Florida Trend | Florida's Business Authority

Wednesday's Afternoon Update

Florida buys Everglades land to prevent oil drilling

Gov. Ron DeSantis on Wednesday announced a massive land buyout that will kill a plan to drill for oil in the Everglades. The state will buy 20,000 acres owned by Kanter Rel Estate LLC, which had won approval for an exploratory oil well west of Miramar. The price is $16.56 to $18 million, depending on when the deal officially closes. More from the South Florida Sun-Sentinel and TCPalm.

KPMG unveils $450M, high-tech Lake Nona training center with 800 ‘hotel’ rooms

The global professional services giant KPMG has long held employee training on its audit, tax and advisory services for its 35,000 U.S. employees in makeshift locations. That often meant the company would rent out space in conference center or hotel basements with no windows. A new 800,000-square-foot KPMG training center just off Highway 417 in Lake Nona will change that. More from the Orlando Sentinel.

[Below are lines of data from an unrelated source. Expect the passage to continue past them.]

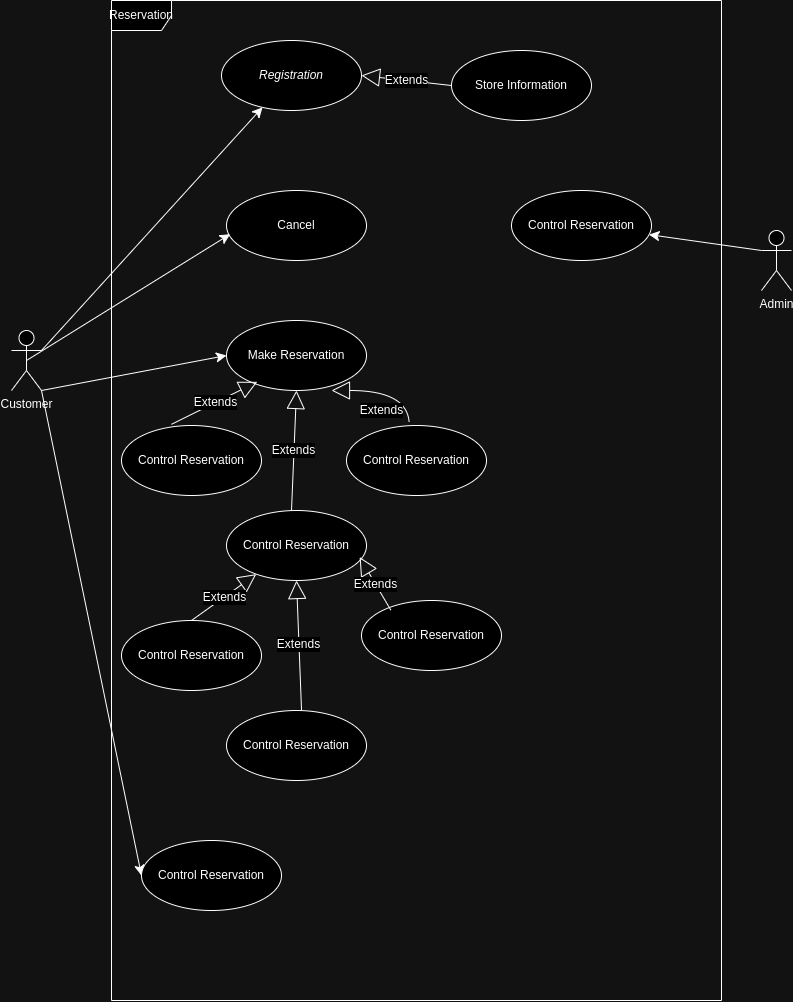

The diagram above was exported from draw.io. Its source (the exported page's mxGraphModel, read from the mxfile embedded in the PNG):
<mxGraphModel dx="1197" dy="600" grid="1" gridSize="10" guides="1" tooltips="1" connect="1" arrows="1" fold="1" page="1" pageScale="1" pageWidth="850" pageHeight="1100" math="0" shadow="0">
  <root>
    <mxCell id="0" />
    <mxCell id="1" parent="0" />
    <mxCell id="3bP-I4FCFR9JuNEKeRnN-2" value="&lt;i&gt;Registration&lt;/i&gt;" style="ellipse;whiteSpace=wrap;html=1;" vertex="1" parent="1">
      <mxGeometry x="230" y="120" width="140" height="70" as="geometry" />
    </mxCell>
    <mxCell id="3bP-I4FCFR9JuNEKeRnN-3" value="Cancel" style="ellipse;whiteSpace=wrap;html=1;" vertex="1" parent="1">
      <mxGeometry x="235" y="270" width="140" height="70" as="geometry" />
    </mxCell>
    <mxCell id="3bP-I4FCFR9JuNEKeRnN-4" value="Make Reservation" style="ellipse;whiteSpace=wrap;html=1;" vertex="1" parent="1">
      <mxGeometry x="235" y="400" width="140" height="70" as="geometry" />
    </mxCell>
    <mxCell id="3bP-I4FCFR9JuNEKeRnN-5" value="Control Reservation" style="ellipse;whiteSpace=wrap;html=1;" vertex="1" parent="1">
      <mxGeometry x="520" y="270" width="140" height="70" as="geometry" />
    </mxCell>
    <mxCell id="3bP-I4FCFR9JuNEKeRnN-15" style="edgeStyle=none;curved=1;rounded=0;orthogonalLoop=1;jettySize=auto;html=1;exitX=0;exitY=0.3333333333333333;exitDx=0;exitDy=0;exitPerimeter=0;fontSize=12;startSize=8;endSize=8;" edge="1" parent="1" source="3bP-I4FCFR9JuNEKeRnN-6" target="3bP-I4FCFR9JuNEKeRnN-5">
      <mxGeometry relative="1" as="geometry" />
    </mxCell>
    <mxCell id="3bP-I4FCFR9JuNEKeRnN-6" value="Admin&lt;div&gt;&lt;br&gt;&lt;/div&gt;" style="shape=umlActor;verticalLabelPosition=bottom;verticalAlign=top;html=1;" vertex="1" parent="1">
      <mxGeometry x="770" y="310" width="30" height="60" as="geometry" />
    </mxCell>
    <mxCell id="3bP-I4FCFR9JuNEKeRnN-12" style="edgeStyle=none;curved=1;rounded=0;orthogonalLoop=1;jettySize=auto;html=1;exitX=1;exitY=0.3333333333333333;exitDx=0;exitDy=0;exitPerimeter=0;fontSize=12;startSize=8;endSize=8;" edge="1" parent="1" source="3bP-I4FCFR9JuNEKeRnN-9" target="3bP-I4FCFR9JuNEKeRnN-2">
      <mxGeometry relative="1" as="geometry" />
    </mxCell>
    <mxCell id="3bP-I4FCFR9JuNEKeRnN-14" style="edgeStyle=none;curved=1;rounded=0;orthogonalLoop=1;jettySize=auto;html=1;exitX=1;exitY=1;exitDx=0;exitDy=0;exitPerimeter=0;entryX=0;entryY=0.5;entryDx=0;entryDy=0;fontSize=12;startSize=8;endSize=8;" edge="1" parent="1" source="3bP-I4FCFR9JuNEKeRnN-9" target="3bP-I4FCFR9JuNEKeRnN-4">
      <mxGeometry relative="1" as="geometry" />
    </mxCell>
    <mxCell id="3bP-I4FCFR9JuNEKeRnN-32" style="edgeStyle=none;curved=1;rounded=0;orthogonalLoop=1;jettySize=auto;html=1;exitX=1;exitY=1;exitDx=0;exitDy=0;exitPerimeter=0;entryX=0;entryY=0.5;entryDx=0;entryDy=0;fontSize=12;startSize=8;endSize=8;" edge="1" parent="1" source="3bP-I4FCFR9JuNEKeRnN-9" target="3bP-I4FCFR9JuNEKeRnN-25">
      <mxGeometry relative="1" as="geometry" />
    </mxCell>
    <mxCell id="3bP-I4FCFR9JuNEKeRnN-9" value="Customer" style="shape=umlActor;verticalLabelPosition=bottom;verticalAlign=top;html=1;" vertex="1" parent="1">
      <mxGeometry x="20" y="410" width="30" height="60" as="geometry" />
    </mxCell>
    <mxCell id="3bP-I4FCFR9JuNEKeRnN-13" style="edgeStyle=none;curved=1;rounded=0;orthogonalLoop=1;jettySize=auto;html=1;exitX=0.5;exitY=0.5;exitDx=0;exitDy=0;exitPerimeter=0;entryX=0.026;entryY=0.624;entryDx=0;entryDy=0;entryPerimeter=0;fontSize=12;startSize=8;endSize=8;" edge="1" parent="1" source="3bP-I4FCFR9JuNEKeRnN-9" target="3bP-I4FCFR9JuNEKeRnN-3">
      <mxGeometry relative="1" as="geometry" />
    </mxCell>
    <mxCell id="3bP-I4FCFR9JuNEKeRnN-16" value="&lt;div&gt;Reservation&lt;/div&gt;" style="shape=umlFrame;whiteSpace=wrap;html=1;pointerEvents=0;" vertex="1" parent="1">
      <mxGeometry x="120" y="80" width="610" height="1000" as="geometry" />
    </mxCell>
    <mxCell id="3bP-I4FCFR9JuNEKeRnN-17" value="Extends" style="endArrow=block;endSize=16;endFill=0;html=1;rounded=0;fontSize=12;curved=1;entryX=1;entryY=0.5;entryDx=0;entryDy=0;exitX=0;exitY=0.5;exitDx=0;exitDy=0;" edge="1" parent="1" source="3bP-I4FCFR9JuNEKeRnN-18" target="3bP-I4FCFR9JuNEKeRnN-2">
      <mxGeometry width="160" relative="1" as="geometry">
        <mxPoint x="470" y="220" as="sourcePoint" />
        <mxPoint x="375.0025707550199" y="209.99875510761512" as="targetPoint" />
        <Array as="points" />
      </mxGeometry>
    </mxCell>
    <mxCell id="3bP-I4FCFR9JuNEKeRnN-18" value="Store Information" style="ellipse;whiteSpace=wrap;html=1;" vertex="1" parent="1">
      <mxGeometry x="460" y="130" width="140" height="70" as="geometry" />
    </mxCell>
    <mxCell id="3bP-I4FCFR9JuNEKeRnN-19" value="Control Reservation" style="ellipse;whiteSpace=wrap;html=1;" vertex="1" parent="1">
      <mxGeometry x="130" y="505" width="140" height="70" as="geometry" />
    </mxCell>
    <mxCell id="3bP-I4FCFR9JuNEKeRnN-20" value="Control Reservation" style="ellipse;whiteSpace=wrap;html=1;" vertex="1" parent="1">
      <mxGeometry x="355" y="505" width="140" height="70" as="geometry" />
    </mxCell>
    <mxCell id="3bP-I4FCFR9JuNEKeRnN-21" value="Control Reservation" style="ellipse;whiteSpace=wrap;html=1;" vertex="1" parent="1">
      <mxGeometry x="235" y="590" width="140" height="70" as="geometry" />
    </mxCell>
    <mxCell id="3bP-I4FCFR9JuNEKeRnN-22" value="Control Reservation" style="ellipse;whiteSpace=wrap;html=1;" vertex="1" parent="1">
      <mxGeometry x="130" y="700" width="140" height="70" as="geometry" />
    </mxCell>
    <mxCell id="3bP-I4FCFR9JuNEKeRnN-23" value="Control Reservation" style="ellipse;whiteSpace=wrap;html=1;" vertex="1" parent="1">
      <mxGeometry x="370" y="680" width="140" height="70" as="geometry" />
    </mxCell>
    <mxCell id="3bP-I4FCFR9JuNEKeRnN-24" value="Control Reservation" style="ellipse;whiteSpace=wrap;html=1;" vertex="1" parent="1">
      <mxGeometry x="235" y="790" width="140" height="70" as="geometry" />
    </mxCell>
    <mxCell id="3bP-I4FCFR9JuNEKeRnN-25" value="Control Reservation" style="ellipse;whiteSpace=wrap;html=1;" vertex="1" parent="1">
      <mxGeometry x="150" y="920" width="140" height="70" as="geometry" />
    </mxCell>
    <mxCell id="3bP-I4FCFR9JuNEKeRnN-26" value="Extends" style="endArrow=block;endSize=16;endFill=0;html=1;rounded=0;fontSize=12;curved=1;exitX=0.447;exitY=-0.053;exitDx=0;exitDy=0;exitPerimeter=0;" edge="1" parent="1" source="3bP-I4FCFR9JuNEKeRnN-20">
      <mxGeometry x="0.0756" y="20" width="160" relative="1" as="geometry">
        <mxPoint x="435" y="480" as="sourcePoint" />
        <mxPoint x="340.0025707550199" y="469.9987551076151" as="targetPoint" />
        <Array as="points">
          <mxPoint x="415" y="470" />
        </Array>
        <mxPoint x="1" as="offset" />
      </mxGeometry>
    </mxCell>
    <mxCell id="3bP-I4FCFR9JuNEKeRnN-27" value="Extends" style="endArrow=block;endSize=16;endFill=0;html=1;rounded=0;fontSize=12;curved=1;entryX=0.22;entryY=0.876;entryDx=0;entryDy=0;entryPerimeter=0;" edge="1" parent="1" target="3bP-I4FCFR9JuNEKeRnN-4">
      <mxGeometry width="160" relative="1" as="geometry">
        <mxPoint x="180" y="503.82" as="sourcePoint" />
        <mxPoint x="340" y="503.82" as="targetPoint" />
      </mxGeometry>
    </mxCell>
    <mxCell id="3bP-I4FCFR9JuNEKeRnN-28" value="Extends" style="endArrow=block;endSize=16;endFill=0;html=1;rounded=0;fontSize=12;curved=1;entryX=0.5;entryY=1;entryDx=0;entryDy=0;" edge="1" parent="1" target="3bP-I4FCFR9JuNEKeRnN-4">
      <mxGeometry width="160" relative="1" as="geometry">
        <mxPoint x="300" y="590" as="sourcePoint" />
        <mxPoint x="460" y="590" as="targetPoint" />
      </mxGeometry>
    </mxCell>
    <mxCell id="3bP-I4FCFR9JuNEKeRnN-29" value="Extends" style="endArrow=block;endSize=16;endFill=0;html=1;rounded=0;fontSize=12;curved=1;exitX=0.5;exitY=0;exitDx=0;exitDy=0;" edge="1" parent="1" source="3bP-I4FCFR9JuNEKeRnN-22" target="3bP-I4FCFR9JuNEKeRnN-21">
      <mxGeometry width="160" relative="1" as="geometry">
        <mxPoint x="197.5" y="700" as="sourcePoint" />
        <mxPoint x="202.5" y="580" as="targetPoint" />
      </mxGeometry>
    </mxCell>
    <mxCell id="3bP-I4FCFR9JuNEKeRnN-30" value="Extends" style="endArrow=block;endSize=16;endFill=0;html=1;rounded=0;fontSize=12;curved=1;entryX=0.951;entryY=0.666;entryDx=0;entryDy=0;entryPerimeter=0;exitX=0.209;exitY=0.136;exitDx=0;exitDy=0;exitPerimeter=0;" edge="1" parent="1" source="3bP-I4FCFR9JuNEKeRnN-23" target="3bP-I4FCFR9JuNEKeRnN-21">
      <mxGeometry width="160" relative="1" as="geometry">
        <mxPoint x="375" y="700" as="sourcePoint" />
        <mxPoint x="441.5" y="653" as="targetPoint" />
      </mxGeometry>
    </mxCell>
    <mxCell id="3bP-I4FCFR9JuNEKeRnN-33" value="Extends" style="endArrow=block;endSize=16;endFill=0;html=1;rounded=0;fontSize=12;curved=1;exitX=0.536;exitY=0;exitDx=0;exitDy=0;exitPerimeter=0;entryX=0.5;entryY=1;entryDx=0;entryDy=0;" edge="1" parent="1" source="3bP-I4FCFR9JuNEKeRnN-24" target="3bP-I4FCFR9JuNEKeRnN-21">
      <mxGeometry width="160" relative="1" as="geometry">
        <mxPoint x="310" y="780" as="sourcePoint" />
        <mxPoint x="470" y="780" as="targetPoint" />
      </mxGeometry>
    </mxCell>
  </root>
</mxGraphModel>

Miami’s messy politics slowed down city business. This downtown agency is fed up

One of the city of Miami’s largest tax-funded agencies has a vacant leadership position, and board members are so tired of waiting for bickering city commissioners to approve the board’s unanimous pick that they hired a high-powered attorney to represent them as they press forward with a new executive director. More from the Miami Herald.

Pinellas buys long-troubled golf course for green space

Florida’s most densely populated county could soon have a rare new amenity — 42 acres of green space spared from development. The Pinellas County Commission voted unanimously Tuesday to move forward with buying the abandoned Baypointe Golf Course in Seminole and preserve it as a recreational park and a regional stormwater management area. More from the Tampa Bay Times.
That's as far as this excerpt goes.